# Exercise:
What is the number of lines in the data that hold the string "decimation"? Reply with that number only.

# Data for review:
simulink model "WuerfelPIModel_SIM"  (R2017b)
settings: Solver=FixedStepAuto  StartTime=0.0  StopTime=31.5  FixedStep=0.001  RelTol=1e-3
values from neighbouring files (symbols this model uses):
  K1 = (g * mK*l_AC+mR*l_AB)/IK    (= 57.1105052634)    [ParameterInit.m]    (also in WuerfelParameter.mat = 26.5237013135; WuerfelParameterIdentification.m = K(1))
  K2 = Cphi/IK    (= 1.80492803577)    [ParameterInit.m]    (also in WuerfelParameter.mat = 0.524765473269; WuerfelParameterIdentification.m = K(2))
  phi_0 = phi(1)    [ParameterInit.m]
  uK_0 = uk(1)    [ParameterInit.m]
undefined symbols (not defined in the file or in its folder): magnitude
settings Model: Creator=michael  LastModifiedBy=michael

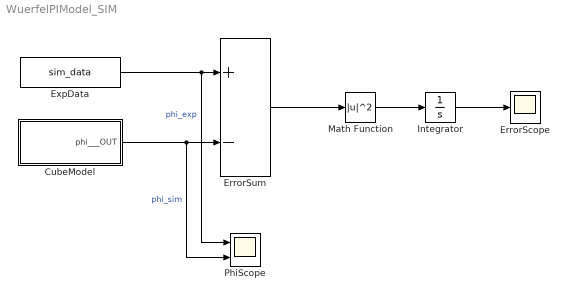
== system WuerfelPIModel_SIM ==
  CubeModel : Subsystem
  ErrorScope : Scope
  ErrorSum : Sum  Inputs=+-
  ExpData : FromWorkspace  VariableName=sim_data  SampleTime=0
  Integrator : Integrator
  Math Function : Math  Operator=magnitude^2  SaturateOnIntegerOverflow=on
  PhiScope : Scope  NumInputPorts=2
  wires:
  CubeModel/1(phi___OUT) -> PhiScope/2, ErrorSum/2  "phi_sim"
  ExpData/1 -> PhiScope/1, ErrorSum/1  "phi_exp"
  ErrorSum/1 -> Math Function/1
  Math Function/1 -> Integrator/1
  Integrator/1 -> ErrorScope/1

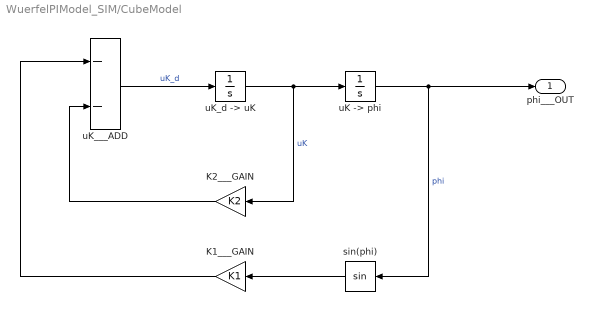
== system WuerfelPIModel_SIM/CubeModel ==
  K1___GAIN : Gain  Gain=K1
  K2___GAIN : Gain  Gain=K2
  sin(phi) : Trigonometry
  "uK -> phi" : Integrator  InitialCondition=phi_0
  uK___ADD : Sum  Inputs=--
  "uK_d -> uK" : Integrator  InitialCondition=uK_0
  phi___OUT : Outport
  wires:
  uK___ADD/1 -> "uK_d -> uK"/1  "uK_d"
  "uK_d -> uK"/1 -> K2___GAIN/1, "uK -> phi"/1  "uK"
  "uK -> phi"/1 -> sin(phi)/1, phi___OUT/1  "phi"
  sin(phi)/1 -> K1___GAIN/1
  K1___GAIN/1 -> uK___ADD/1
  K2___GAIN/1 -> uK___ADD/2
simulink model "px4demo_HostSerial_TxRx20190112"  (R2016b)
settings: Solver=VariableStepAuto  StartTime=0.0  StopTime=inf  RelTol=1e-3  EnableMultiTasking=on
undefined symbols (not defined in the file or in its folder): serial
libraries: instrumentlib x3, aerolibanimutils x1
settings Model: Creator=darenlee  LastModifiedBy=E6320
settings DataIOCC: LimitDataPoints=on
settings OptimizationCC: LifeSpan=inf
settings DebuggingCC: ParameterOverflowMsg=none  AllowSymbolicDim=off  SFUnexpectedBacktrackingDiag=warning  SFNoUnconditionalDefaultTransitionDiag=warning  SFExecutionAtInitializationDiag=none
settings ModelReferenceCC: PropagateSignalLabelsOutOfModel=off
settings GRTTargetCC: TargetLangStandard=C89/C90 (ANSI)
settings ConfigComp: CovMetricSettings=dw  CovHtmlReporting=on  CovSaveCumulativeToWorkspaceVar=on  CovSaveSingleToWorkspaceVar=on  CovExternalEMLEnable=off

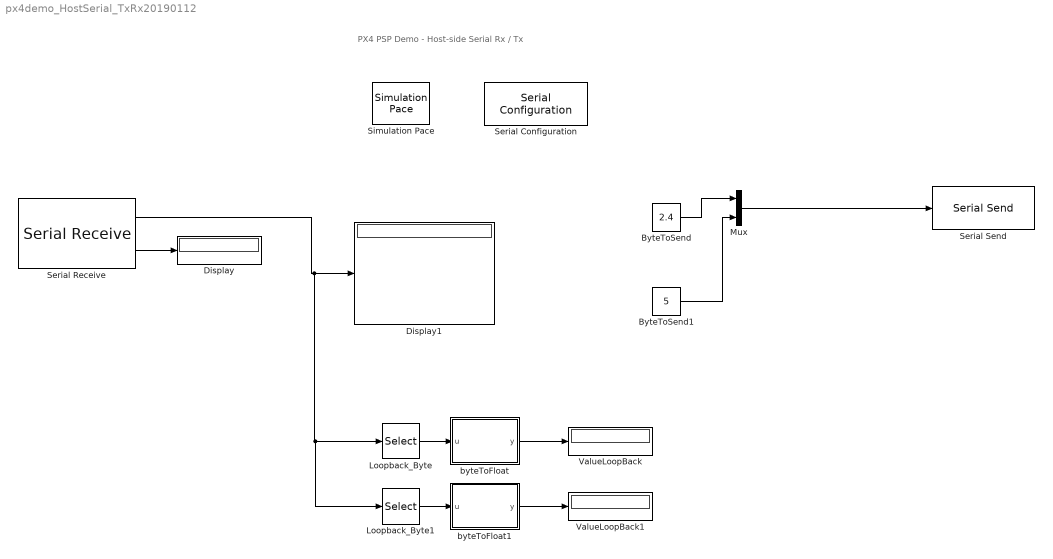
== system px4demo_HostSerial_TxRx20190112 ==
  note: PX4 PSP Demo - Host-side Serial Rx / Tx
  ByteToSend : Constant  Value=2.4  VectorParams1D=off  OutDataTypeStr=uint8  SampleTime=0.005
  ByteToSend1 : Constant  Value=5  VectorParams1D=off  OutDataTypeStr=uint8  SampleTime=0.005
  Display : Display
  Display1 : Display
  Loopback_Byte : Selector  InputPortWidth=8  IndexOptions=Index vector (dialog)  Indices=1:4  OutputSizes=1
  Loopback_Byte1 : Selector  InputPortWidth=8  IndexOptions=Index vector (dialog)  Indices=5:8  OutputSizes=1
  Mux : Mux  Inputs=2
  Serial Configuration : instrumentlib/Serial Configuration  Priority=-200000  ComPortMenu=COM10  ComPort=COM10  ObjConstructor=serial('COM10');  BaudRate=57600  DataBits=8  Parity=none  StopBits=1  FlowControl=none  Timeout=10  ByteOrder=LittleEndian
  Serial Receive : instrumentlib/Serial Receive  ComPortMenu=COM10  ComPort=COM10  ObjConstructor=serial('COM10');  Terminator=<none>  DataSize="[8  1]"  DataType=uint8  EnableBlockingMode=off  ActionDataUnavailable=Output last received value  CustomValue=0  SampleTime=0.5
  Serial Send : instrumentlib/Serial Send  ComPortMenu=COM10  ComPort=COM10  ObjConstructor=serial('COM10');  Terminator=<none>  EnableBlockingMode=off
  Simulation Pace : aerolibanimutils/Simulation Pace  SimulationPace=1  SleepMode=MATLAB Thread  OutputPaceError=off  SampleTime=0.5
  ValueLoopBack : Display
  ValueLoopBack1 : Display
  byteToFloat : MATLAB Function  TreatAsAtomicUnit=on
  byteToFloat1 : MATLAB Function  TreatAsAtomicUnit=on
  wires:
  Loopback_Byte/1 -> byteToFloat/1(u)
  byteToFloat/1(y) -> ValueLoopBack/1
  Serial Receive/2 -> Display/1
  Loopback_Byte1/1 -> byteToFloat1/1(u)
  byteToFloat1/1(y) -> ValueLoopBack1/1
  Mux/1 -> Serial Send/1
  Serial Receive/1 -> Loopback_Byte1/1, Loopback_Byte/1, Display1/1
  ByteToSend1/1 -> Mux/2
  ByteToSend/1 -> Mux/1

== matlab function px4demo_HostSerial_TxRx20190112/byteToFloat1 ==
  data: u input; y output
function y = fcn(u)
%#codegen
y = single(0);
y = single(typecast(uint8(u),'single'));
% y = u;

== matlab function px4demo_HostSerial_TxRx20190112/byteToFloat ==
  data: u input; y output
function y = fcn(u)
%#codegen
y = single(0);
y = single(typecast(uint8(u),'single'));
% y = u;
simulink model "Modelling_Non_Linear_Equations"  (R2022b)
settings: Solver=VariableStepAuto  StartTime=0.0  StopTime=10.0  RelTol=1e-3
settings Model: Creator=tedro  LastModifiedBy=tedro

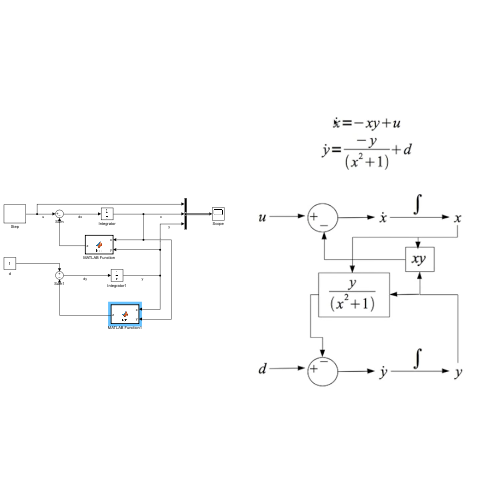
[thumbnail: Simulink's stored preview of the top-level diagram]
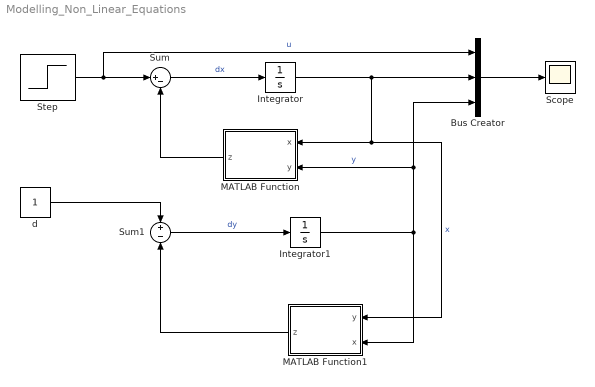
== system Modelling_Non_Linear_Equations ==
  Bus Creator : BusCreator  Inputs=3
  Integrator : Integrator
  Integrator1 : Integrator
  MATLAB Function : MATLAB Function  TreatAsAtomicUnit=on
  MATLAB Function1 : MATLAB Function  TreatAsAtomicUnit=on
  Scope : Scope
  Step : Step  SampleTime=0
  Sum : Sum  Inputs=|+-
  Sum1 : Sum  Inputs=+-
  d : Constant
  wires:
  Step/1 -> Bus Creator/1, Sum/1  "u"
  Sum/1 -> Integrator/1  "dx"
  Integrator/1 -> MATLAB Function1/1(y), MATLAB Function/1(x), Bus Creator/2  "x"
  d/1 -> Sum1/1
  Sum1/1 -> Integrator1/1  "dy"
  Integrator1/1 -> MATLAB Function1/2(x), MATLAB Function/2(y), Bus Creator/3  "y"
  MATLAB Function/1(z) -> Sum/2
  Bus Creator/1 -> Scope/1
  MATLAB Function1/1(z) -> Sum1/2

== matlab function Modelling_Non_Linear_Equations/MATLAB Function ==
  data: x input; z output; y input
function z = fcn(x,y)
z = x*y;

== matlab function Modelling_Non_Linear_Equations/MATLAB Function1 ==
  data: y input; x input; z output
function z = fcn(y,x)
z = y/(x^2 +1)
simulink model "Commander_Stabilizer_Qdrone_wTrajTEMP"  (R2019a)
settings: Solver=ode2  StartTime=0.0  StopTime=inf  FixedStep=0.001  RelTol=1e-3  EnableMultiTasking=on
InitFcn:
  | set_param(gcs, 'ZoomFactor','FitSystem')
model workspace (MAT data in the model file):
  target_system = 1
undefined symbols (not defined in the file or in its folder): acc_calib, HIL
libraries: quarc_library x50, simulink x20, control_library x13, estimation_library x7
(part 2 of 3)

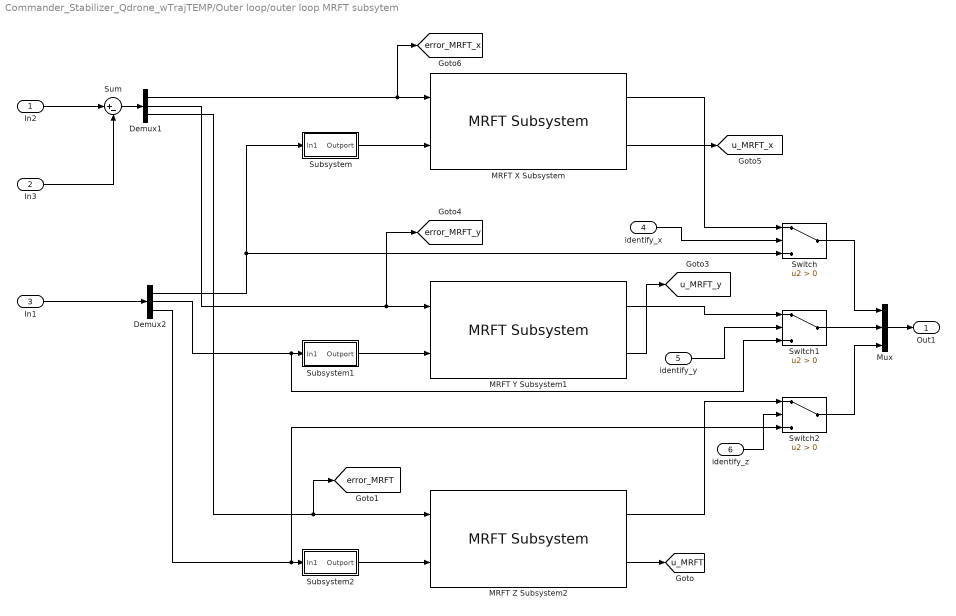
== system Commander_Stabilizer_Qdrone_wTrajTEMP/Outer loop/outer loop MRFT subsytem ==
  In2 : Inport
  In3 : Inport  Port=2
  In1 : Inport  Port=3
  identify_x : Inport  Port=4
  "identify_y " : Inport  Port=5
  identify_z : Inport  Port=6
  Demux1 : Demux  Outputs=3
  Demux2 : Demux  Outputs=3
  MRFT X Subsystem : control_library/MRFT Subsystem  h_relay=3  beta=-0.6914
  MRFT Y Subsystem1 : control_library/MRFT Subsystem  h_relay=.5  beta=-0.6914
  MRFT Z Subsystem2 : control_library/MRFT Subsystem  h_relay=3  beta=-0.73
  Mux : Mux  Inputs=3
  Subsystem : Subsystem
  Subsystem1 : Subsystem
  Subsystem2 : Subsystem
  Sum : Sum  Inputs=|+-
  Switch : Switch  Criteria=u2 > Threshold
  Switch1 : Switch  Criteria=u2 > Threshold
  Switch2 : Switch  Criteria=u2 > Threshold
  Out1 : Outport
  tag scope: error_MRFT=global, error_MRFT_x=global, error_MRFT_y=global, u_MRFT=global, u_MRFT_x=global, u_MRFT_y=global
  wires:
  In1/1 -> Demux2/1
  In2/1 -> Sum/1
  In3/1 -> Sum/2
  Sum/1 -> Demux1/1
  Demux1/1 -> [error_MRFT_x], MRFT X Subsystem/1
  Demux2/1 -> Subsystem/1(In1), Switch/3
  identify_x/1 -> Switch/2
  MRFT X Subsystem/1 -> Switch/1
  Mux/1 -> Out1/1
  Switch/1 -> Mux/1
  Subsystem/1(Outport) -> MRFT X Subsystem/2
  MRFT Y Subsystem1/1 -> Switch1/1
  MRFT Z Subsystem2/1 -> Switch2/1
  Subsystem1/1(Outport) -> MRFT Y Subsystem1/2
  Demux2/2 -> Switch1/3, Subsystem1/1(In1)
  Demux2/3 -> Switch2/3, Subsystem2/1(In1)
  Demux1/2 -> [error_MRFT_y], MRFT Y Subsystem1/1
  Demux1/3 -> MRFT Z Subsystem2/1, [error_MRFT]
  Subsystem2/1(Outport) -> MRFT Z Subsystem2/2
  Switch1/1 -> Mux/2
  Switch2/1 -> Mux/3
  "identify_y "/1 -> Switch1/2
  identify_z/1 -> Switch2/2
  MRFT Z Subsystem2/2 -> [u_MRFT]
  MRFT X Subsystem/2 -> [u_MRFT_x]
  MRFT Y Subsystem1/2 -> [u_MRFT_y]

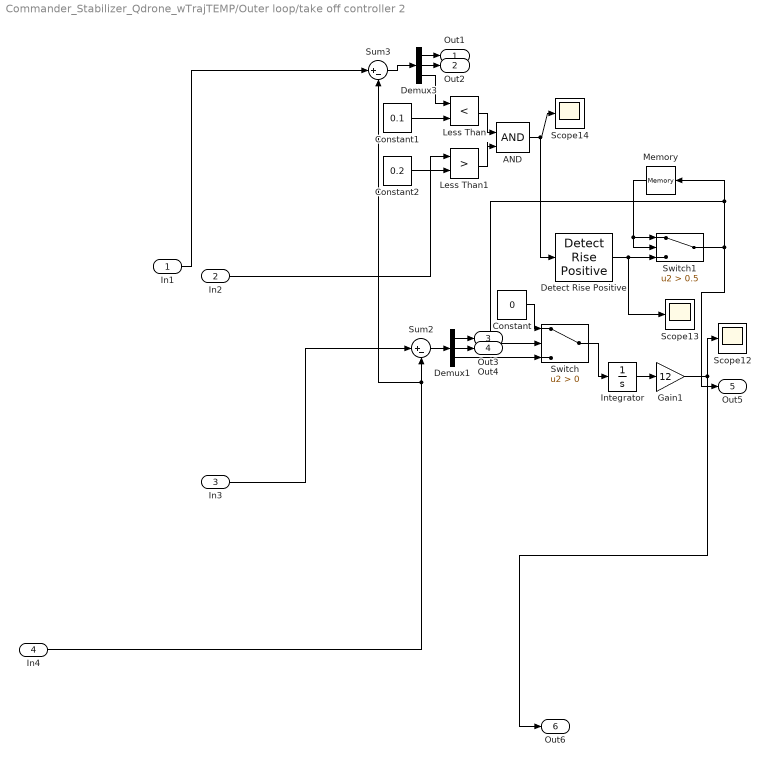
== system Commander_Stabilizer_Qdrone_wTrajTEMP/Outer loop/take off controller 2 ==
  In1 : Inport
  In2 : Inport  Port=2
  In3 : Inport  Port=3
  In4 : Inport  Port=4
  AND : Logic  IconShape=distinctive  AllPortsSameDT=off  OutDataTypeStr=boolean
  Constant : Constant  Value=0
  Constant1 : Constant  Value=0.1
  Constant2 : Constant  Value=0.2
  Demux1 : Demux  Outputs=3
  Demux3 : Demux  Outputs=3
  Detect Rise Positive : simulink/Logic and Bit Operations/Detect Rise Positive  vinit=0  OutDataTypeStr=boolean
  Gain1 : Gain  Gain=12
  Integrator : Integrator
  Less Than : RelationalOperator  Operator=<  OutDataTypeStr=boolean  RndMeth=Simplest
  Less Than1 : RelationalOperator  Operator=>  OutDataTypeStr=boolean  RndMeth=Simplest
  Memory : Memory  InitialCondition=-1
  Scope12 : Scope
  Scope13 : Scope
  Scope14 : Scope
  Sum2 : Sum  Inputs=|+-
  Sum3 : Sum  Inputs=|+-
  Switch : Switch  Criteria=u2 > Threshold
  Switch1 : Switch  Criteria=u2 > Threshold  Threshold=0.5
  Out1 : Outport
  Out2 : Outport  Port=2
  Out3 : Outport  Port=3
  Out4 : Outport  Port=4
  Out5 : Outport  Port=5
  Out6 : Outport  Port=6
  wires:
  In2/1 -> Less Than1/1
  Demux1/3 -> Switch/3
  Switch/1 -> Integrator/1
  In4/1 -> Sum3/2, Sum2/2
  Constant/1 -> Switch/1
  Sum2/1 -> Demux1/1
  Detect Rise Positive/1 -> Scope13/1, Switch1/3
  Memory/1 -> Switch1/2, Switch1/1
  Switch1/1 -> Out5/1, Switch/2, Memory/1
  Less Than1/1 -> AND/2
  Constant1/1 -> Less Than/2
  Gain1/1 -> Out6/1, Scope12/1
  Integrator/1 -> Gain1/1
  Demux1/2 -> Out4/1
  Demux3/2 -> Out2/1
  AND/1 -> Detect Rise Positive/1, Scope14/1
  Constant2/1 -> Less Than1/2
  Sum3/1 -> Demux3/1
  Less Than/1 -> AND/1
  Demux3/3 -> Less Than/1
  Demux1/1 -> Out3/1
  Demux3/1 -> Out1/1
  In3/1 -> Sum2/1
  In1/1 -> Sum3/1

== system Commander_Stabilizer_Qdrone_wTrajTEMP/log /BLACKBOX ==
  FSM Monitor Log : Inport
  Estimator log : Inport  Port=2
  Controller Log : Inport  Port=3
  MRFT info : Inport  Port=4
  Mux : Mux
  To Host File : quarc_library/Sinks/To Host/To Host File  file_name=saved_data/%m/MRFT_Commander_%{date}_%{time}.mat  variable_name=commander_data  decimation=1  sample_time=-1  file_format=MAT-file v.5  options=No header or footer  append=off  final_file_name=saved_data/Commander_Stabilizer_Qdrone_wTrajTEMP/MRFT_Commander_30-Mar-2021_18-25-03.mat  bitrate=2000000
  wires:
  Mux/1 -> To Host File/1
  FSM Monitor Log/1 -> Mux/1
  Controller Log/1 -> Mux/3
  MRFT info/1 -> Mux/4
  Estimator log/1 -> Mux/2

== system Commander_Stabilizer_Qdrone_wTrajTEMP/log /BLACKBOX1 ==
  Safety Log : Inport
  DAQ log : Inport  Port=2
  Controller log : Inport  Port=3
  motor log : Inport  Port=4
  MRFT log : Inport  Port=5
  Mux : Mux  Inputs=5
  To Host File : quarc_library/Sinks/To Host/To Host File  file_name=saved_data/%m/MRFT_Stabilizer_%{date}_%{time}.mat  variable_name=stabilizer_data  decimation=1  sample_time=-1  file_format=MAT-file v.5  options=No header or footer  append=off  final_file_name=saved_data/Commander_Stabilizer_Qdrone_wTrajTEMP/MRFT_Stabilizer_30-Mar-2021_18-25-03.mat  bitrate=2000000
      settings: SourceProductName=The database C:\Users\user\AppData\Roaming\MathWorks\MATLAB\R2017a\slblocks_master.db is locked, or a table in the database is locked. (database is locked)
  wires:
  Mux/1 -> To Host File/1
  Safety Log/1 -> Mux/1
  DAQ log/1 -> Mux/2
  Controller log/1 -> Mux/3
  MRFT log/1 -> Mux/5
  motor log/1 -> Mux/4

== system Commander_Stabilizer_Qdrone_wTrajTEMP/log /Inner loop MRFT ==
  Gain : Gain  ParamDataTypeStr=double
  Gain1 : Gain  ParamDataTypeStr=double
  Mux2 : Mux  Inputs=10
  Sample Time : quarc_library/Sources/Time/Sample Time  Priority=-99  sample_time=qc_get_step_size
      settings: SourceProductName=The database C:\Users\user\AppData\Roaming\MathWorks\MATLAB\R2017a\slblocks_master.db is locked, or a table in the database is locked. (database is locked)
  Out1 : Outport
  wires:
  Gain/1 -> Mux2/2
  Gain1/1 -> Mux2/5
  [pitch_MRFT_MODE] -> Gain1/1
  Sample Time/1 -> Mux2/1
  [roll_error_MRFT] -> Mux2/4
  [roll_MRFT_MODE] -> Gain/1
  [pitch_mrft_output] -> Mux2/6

# Response to this exercise:
2